# Saved data entries
[Start of Attachment]

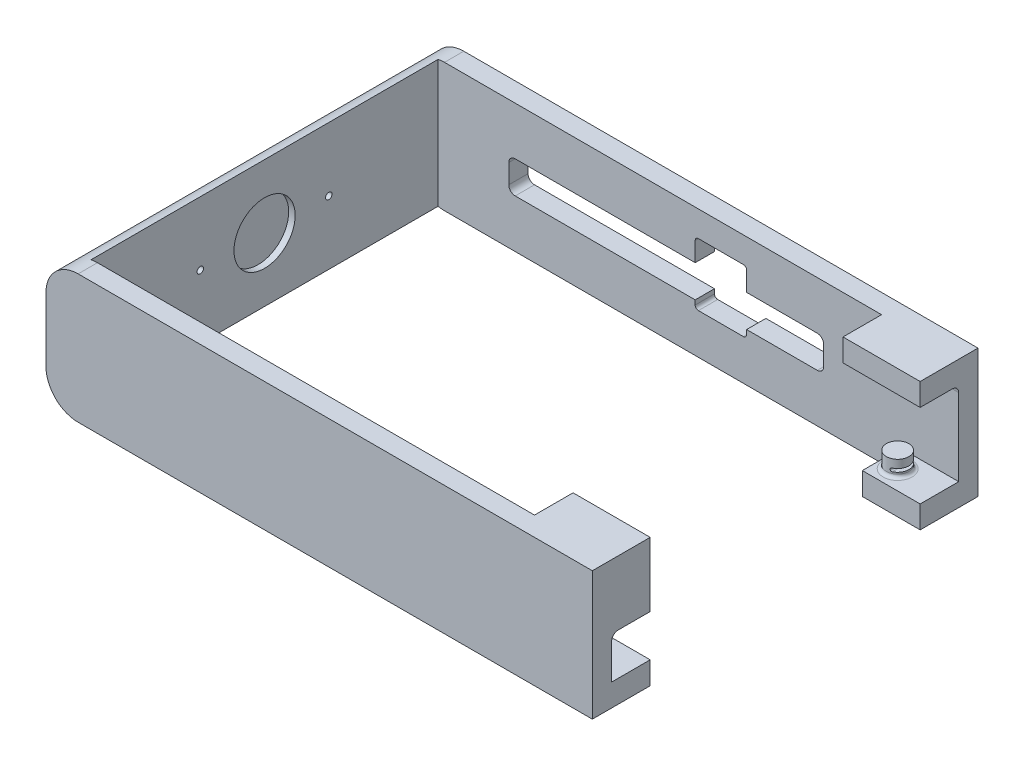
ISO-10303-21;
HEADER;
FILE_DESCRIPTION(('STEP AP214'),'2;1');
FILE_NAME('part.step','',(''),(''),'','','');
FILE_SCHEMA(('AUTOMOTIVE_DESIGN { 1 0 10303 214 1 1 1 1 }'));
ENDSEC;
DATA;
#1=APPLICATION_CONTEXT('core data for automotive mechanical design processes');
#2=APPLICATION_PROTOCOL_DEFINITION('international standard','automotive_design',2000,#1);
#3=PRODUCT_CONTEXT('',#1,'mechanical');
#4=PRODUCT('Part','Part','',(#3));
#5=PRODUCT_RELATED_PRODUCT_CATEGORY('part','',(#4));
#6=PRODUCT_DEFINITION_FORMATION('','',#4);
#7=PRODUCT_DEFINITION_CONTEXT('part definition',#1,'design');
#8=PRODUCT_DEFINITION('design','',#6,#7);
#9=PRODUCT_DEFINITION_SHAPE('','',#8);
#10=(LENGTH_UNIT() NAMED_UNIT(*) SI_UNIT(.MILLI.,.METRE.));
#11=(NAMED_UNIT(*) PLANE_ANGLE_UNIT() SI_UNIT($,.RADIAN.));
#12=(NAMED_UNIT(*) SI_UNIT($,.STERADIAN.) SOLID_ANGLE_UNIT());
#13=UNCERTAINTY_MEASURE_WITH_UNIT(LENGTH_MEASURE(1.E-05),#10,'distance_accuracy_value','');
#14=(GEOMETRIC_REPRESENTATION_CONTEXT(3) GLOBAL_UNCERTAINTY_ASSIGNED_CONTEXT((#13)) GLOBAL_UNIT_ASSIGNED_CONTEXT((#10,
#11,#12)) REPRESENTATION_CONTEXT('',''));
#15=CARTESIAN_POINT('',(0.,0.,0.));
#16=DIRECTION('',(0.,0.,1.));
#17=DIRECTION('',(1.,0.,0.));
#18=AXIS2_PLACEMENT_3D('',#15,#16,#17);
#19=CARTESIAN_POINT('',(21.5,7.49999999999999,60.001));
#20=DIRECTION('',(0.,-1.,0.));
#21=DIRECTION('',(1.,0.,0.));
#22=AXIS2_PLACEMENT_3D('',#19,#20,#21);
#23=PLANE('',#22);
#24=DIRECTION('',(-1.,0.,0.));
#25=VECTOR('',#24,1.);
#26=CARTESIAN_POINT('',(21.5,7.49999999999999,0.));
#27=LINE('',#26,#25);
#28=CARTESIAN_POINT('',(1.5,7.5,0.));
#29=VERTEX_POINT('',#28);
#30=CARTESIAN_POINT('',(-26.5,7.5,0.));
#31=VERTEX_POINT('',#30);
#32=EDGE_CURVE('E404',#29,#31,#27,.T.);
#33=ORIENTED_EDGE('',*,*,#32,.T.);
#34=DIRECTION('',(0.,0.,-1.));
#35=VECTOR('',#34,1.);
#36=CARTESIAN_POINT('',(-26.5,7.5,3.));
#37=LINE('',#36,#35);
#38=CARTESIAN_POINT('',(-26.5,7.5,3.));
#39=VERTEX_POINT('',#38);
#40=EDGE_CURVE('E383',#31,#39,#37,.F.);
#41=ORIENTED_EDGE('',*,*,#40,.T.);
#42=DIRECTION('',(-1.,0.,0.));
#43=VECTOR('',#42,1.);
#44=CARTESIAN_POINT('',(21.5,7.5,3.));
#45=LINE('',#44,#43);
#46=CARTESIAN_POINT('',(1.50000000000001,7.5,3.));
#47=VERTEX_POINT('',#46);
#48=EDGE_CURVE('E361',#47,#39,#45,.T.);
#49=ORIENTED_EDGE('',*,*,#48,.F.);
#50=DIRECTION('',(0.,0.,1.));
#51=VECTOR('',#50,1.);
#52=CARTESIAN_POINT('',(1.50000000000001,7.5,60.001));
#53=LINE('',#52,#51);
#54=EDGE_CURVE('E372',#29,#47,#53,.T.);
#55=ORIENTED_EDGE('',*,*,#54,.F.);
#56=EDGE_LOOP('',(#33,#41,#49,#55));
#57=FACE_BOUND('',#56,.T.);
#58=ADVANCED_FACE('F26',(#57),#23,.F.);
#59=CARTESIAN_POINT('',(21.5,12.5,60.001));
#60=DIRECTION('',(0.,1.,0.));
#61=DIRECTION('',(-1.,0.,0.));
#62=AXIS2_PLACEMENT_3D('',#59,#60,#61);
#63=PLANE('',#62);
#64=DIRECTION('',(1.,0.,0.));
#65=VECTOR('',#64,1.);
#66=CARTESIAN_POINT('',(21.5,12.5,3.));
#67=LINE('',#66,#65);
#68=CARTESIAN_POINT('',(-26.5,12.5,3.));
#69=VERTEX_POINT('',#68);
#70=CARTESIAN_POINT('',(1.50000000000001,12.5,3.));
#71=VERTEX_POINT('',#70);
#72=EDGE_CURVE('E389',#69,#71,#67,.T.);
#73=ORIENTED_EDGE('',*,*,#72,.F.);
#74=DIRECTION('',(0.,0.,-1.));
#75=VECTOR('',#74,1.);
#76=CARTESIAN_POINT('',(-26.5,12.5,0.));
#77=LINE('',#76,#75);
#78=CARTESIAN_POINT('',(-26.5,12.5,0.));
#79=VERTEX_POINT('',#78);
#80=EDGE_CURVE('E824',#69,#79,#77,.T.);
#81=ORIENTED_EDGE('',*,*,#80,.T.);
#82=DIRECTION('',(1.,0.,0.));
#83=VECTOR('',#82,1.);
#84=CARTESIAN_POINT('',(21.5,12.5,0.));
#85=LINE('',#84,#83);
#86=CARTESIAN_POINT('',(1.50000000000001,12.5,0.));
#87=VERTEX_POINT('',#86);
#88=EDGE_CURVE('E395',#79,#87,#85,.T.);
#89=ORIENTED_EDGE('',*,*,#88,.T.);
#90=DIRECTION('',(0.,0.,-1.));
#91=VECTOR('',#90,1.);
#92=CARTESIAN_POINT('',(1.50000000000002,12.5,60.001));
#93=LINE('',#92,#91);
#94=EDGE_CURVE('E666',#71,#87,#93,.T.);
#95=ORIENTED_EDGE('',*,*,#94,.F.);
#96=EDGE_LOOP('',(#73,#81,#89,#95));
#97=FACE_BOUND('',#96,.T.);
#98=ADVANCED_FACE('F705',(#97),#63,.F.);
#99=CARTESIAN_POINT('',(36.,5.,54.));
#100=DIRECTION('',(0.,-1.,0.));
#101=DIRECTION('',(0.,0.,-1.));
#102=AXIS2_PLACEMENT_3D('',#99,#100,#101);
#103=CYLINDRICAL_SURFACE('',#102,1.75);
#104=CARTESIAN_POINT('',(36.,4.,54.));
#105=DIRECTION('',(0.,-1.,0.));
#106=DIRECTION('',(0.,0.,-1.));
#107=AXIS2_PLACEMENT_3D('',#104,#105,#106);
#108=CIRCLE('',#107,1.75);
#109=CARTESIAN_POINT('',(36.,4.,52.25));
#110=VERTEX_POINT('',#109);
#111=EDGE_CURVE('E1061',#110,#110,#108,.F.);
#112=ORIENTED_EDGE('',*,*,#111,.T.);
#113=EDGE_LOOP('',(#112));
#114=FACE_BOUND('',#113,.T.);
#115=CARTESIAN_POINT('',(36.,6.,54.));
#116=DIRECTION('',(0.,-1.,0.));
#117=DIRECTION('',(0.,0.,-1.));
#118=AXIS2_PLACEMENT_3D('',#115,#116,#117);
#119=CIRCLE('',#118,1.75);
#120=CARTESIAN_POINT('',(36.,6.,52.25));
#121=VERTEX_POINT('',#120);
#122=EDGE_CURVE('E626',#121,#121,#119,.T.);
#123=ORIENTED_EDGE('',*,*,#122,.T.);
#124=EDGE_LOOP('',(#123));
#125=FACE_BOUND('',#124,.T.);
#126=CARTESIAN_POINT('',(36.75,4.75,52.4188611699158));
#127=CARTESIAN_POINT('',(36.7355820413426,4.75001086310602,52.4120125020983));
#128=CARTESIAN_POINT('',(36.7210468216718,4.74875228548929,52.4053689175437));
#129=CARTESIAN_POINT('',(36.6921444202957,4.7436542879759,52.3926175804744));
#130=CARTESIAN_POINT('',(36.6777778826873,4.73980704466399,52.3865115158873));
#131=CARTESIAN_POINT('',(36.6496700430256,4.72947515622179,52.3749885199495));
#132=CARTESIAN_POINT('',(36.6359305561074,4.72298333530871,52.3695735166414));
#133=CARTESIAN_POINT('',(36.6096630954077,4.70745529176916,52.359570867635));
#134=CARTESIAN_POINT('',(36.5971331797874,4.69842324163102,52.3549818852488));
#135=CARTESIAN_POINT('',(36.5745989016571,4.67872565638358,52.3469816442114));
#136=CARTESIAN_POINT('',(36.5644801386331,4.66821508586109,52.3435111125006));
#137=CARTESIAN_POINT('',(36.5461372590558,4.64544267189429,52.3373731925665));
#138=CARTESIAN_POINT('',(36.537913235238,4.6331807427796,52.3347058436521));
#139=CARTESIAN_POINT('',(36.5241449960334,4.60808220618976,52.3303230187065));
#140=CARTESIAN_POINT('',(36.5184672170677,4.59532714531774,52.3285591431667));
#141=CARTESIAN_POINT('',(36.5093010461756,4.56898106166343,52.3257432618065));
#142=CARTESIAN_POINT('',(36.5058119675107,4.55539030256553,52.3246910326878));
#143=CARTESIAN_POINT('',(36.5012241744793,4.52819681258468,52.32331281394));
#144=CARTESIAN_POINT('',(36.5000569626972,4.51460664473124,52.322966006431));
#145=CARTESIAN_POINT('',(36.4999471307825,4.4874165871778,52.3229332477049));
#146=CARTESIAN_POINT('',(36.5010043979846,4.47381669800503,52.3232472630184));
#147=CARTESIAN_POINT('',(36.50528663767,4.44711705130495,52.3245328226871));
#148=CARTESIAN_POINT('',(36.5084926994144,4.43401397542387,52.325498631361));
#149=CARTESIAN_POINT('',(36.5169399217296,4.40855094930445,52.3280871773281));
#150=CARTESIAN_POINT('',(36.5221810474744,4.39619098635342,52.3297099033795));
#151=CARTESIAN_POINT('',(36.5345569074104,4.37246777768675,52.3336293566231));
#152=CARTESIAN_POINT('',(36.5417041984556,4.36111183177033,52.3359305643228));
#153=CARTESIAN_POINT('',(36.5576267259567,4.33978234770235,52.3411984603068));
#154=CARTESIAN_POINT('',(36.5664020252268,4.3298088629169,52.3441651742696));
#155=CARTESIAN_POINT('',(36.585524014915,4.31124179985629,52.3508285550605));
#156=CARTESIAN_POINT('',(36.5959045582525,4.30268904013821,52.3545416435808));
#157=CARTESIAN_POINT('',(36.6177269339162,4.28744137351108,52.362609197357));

[End of Attachment]

# THE TASK
All lines above from the one containing "#19=CARTESIAN_POINT('',(21.5,7.49999999999999,60.001));" to the one containing "#40=EDGE_CURVE('E383',#31,#39,#37,.F.);" must be repeated exactly, both lines included, and no others.

# WRITTEN REPLY
#19=CARTESIAN_POINT('',(21.5,7.49999999999999,60.001));
#20=DIRECTION('',(0.,-1.,0.));
#21=DIRECTION('',(1.,0.,0.));
#22=AXIS2_PLACEMENT_3D('',#19,#20,#21);
#23=PLANE('',#22);
#24=DIRECTION('',(-1.,0.,0.));
#25=VECTOR('',#24,1.);
#26=CARTESIAN_POINT('',(21.5,7.49999999999999,0.));
#27=LINE('',#26,#25);
#28=CARTESIAN_POINT('',(1.5,7.5,0.));
#29=VERTEX_POINT('',#28);
#30=CARTESIAN_POINT('',(-26.5,7.5,0.));
#31=VERTEX_POINT('',#30);
#32=EDGE_CURVE('E404',#29,#31,#27,.T.);
#33=ORIENTED_EDGE('',*,*,#32,.T.);
#34=DIRECTION('',(0.,0.,-1.));
#35=VECTOR('',#34,1.);
#36=CARTESIAN_POINT('',(-26.5,7.5,3.));
#37=LINE('',#36,#35);
#38=CARTESIAN_POINT('',(-26.5,7.5,3.));
#39=VERTEX_POINT('',#38);
#40=EDGE_CURVE('E383',#31,#39,#37,.F.);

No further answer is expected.